Originally Posted by DenogginizerOS

In journalism, the moment you report coincidences as fact, you are lost. As a reader, the moment you accept reported coincidences as fact, you become a sheep. I don't doubt there are many layers to this story and we may never know the whole truth. But I doubt Eidos likes people thinking they were involved in Jeff's firing. And I doubt Gamespot likes people thinking they fired their EIC over a review. Something about all of this tells me there is a lot more to this story than the coincidences that have been reported.

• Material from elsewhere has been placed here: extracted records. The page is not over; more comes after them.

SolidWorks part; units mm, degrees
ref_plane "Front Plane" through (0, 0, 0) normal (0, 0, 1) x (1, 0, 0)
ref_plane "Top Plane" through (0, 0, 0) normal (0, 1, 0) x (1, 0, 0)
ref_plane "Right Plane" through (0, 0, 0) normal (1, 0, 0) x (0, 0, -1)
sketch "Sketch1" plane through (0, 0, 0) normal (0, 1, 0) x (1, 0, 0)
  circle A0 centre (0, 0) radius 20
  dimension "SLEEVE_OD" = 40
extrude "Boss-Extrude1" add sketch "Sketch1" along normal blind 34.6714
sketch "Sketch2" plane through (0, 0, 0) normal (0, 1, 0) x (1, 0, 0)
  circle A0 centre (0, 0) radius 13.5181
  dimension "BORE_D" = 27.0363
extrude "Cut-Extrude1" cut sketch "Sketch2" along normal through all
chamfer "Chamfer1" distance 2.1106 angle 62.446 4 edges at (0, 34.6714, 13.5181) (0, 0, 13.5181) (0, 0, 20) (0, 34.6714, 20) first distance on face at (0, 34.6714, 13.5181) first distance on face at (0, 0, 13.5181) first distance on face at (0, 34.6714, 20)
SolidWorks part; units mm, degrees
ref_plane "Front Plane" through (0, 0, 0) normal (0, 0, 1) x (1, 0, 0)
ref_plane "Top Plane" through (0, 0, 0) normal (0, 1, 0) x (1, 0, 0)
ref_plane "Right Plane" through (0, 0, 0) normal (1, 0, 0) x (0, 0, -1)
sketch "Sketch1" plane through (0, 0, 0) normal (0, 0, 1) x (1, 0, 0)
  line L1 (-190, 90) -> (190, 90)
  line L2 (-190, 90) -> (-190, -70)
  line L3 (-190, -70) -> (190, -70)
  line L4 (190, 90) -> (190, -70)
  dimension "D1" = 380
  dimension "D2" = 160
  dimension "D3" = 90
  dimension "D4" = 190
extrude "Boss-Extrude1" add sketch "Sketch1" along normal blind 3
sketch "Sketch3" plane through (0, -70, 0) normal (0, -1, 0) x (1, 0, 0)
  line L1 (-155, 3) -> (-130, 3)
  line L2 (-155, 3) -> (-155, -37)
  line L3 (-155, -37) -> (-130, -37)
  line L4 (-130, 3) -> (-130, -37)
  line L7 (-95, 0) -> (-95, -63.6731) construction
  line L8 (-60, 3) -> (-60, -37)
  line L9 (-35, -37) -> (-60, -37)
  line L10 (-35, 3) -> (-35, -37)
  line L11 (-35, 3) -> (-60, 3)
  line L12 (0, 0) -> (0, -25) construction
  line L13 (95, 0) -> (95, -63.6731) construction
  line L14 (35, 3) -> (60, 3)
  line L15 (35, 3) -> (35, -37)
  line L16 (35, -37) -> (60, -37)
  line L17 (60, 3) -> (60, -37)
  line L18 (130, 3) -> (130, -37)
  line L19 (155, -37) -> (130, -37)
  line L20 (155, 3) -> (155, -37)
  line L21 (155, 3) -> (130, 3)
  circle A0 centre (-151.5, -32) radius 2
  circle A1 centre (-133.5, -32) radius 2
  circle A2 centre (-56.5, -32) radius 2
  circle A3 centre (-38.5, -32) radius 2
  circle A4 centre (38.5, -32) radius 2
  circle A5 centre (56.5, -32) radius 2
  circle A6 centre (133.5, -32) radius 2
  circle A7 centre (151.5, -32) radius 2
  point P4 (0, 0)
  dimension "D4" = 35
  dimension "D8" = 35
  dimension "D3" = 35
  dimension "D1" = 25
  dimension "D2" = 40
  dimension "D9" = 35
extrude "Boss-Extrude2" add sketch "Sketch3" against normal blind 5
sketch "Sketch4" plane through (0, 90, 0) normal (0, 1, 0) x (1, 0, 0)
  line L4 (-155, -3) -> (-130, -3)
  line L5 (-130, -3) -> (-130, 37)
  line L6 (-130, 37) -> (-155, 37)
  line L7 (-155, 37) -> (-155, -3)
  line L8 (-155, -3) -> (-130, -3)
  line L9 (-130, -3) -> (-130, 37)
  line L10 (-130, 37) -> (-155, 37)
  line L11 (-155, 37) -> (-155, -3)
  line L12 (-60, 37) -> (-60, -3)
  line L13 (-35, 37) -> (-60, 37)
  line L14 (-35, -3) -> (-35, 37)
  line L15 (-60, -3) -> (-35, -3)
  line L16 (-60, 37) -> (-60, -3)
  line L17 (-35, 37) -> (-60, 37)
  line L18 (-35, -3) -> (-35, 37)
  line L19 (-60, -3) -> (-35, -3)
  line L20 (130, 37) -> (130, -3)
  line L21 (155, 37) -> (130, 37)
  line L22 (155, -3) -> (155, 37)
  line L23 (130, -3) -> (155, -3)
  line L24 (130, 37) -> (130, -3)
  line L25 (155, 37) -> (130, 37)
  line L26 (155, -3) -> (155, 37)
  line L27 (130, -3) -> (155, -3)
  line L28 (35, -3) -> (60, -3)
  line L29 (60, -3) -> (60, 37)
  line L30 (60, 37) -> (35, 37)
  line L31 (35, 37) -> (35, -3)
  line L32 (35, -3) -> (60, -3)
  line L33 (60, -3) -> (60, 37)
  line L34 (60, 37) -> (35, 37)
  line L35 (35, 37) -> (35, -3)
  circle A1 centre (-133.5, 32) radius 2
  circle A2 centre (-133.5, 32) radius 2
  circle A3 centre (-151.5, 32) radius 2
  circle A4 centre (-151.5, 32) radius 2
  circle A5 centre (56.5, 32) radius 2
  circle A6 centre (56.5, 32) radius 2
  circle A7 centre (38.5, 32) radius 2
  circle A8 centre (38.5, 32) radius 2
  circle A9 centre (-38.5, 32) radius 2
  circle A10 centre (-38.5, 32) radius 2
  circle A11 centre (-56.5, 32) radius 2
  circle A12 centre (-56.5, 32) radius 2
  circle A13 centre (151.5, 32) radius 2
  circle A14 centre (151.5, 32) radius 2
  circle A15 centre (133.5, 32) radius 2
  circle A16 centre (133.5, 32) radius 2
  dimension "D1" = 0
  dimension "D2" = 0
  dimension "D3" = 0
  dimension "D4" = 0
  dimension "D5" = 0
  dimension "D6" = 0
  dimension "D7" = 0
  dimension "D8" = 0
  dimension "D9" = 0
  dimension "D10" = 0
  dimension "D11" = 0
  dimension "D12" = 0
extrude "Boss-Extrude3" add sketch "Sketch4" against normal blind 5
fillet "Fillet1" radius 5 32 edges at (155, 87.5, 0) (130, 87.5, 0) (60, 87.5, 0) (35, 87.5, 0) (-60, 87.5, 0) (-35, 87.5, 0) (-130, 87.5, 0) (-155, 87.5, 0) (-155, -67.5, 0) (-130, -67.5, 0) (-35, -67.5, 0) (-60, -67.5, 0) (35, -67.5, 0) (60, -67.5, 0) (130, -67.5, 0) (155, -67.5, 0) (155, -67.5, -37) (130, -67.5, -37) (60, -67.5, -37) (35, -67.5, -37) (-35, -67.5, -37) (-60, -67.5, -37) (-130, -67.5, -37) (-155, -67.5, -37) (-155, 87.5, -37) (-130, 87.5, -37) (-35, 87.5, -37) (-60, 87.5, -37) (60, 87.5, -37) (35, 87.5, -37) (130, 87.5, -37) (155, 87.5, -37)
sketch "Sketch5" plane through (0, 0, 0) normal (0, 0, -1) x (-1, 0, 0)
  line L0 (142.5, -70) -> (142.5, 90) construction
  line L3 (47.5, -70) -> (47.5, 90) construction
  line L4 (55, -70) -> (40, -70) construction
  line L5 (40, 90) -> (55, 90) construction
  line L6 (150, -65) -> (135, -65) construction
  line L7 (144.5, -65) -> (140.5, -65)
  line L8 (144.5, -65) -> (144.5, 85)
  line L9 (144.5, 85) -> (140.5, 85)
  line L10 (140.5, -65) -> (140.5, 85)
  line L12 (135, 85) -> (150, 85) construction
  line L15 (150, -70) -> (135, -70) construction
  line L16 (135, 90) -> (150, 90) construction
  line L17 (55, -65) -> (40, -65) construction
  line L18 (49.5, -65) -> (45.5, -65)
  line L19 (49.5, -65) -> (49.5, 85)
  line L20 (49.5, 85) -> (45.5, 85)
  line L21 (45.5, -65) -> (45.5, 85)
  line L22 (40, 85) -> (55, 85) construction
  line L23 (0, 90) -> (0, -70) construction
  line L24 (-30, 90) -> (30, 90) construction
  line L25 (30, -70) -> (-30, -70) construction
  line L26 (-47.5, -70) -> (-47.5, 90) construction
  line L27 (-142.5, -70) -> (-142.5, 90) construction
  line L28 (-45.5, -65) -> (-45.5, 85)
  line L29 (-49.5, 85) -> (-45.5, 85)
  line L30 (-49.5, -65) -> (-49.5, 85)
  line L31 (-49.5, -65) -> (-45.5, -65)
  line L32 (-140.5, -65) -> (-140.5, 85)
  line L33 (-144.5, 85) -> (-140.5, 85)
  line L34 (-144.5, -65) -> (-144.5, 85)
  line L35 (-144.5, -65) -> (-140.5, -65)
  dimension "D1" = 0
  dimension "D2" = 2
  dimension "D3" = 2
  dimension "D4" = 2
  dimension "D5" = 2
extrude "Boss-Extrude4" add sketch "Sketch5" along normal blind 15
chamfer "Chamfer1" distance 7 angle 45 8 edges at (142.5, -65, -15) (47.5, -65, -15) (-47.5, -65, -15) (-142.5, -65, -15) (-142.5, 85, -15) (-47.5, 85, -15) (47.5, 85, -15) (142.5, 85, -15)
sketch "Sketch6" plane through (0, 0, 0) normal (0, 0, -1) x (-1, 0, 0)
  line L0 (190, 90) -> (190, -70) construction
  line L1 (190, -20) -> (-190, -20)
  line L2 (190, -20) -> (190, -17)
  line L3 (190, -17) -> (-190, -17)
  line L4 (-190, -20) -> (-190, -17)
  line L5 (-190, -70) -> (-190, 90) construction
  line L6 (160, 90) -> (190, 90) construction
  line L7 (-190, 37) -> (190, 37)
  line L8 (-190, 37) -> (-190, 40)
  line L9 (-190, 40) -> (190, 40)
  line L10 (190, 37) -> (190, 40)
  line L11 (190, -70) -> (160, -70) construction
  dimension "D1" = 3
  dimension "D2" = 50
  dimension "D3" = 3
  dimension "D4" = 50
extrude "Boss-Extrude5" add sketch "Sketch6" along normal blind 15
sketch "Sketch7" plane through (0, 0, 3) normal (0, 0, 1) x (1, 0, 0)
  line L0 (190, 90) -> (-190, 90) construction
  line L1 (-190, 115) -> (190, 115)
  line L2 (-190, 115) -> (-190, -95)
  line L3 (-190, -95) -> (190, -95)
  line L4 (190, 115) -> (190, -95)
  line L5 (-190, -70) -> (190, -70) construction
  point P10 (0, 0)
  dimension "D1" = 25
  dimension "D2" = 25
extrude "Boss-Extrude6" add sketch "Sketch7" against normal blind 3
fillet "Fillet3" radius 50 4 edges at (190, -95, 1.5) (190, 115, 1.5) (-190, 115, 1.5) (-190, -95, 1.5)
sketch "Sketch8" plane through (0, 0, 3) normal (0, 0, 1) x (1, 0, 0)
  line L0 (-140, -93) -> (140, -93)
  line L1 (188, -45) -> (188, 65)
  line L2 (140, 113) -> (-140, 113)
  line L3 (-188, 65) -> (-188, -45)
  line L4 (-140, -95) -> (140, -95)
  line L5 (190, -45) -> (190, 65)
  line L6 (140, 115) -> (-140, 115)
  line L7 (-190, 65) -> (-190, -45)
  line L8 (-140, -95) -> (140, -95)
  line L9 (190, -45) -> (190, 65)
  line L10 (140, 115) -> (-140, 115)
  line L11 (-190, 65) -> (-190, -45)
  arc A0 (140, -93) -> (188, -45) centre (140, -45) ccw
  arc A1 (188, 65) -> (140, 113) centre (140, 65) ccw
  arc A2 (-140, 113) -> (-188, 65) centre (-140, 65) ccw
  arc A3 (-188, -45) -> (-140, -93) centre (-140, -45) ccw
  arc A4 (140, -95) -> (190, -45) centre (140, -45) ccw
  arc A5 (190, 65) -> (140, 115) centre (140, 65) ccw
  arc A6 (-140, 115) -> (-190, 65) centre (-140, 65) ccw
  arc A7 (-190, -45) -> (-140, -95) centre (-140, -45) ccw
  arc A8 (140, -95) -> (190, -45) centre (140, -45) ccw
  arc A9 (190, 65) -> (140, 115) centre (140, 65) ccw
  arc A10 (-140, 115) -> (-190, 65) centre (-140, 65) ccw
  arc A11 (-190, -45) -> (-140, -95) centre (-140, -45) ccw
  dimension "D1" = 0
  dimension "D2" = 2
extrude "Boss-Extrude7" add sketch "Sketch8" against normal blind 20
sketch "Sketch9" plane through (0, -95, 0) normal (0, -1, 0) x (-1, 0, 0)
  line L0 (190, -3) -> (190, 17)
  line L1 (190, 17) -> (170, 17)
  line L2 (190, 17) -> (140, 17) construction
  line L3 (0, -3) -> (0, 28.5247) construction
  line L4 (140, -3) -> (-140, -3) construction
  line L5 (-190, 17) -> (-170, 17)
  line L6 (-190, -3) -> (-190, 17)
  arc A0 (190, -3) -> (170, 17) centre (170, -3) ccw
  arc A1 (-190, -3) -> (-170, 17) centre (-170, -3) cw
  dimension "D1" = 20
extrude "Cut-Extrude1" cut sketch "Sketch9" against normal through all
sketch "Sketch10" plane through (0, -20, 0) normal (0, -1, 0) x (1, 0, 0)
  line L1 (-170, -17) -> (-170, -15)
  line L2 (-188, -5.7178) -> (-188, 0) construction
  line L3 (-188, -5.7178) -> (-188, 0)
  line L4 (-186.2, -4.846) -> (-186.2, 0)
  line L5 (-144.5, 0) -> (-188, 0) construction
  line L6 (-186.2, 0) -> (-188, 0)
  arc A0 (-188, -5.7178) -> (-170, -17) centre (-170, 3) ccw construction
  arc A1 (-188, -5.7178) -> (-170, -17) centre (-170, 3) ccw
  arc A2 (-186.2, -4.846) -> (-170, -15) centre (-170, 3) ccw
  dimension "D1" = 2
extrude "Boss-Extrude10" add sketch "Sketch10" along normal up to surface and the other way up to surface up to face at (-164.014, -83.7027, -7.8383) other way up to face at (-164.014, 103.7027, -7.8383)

I agree that it seems very strange for Eidos to make a move like this, because people running that company can't be complete morons, even though they release crappy games. That is why I am not unequivocally saying they are evil incarnate together with CNet, and Jeff is a poor martyr, deserving our unmitigated compassion and concern. I am just saying, that where there is smoke, there is usually fire. And yeah, perhaps we won't get the whole story ever, no matter how long we wait, but if you have alot of coincidences joined together, the statistical likelihood of them all being mere coincidences becomes smaller and smaller.
FlyinJ
Douchebag. Yes, me.
(11-30-2007, 06:47 PM)

Originally Posted by squicken

What so insidious about all this is how far does it go? I know I used C*ET when researching my HDTV purchases. And I've referred lots of people to the site as well. So are all those TV reviews I read bought and paid for?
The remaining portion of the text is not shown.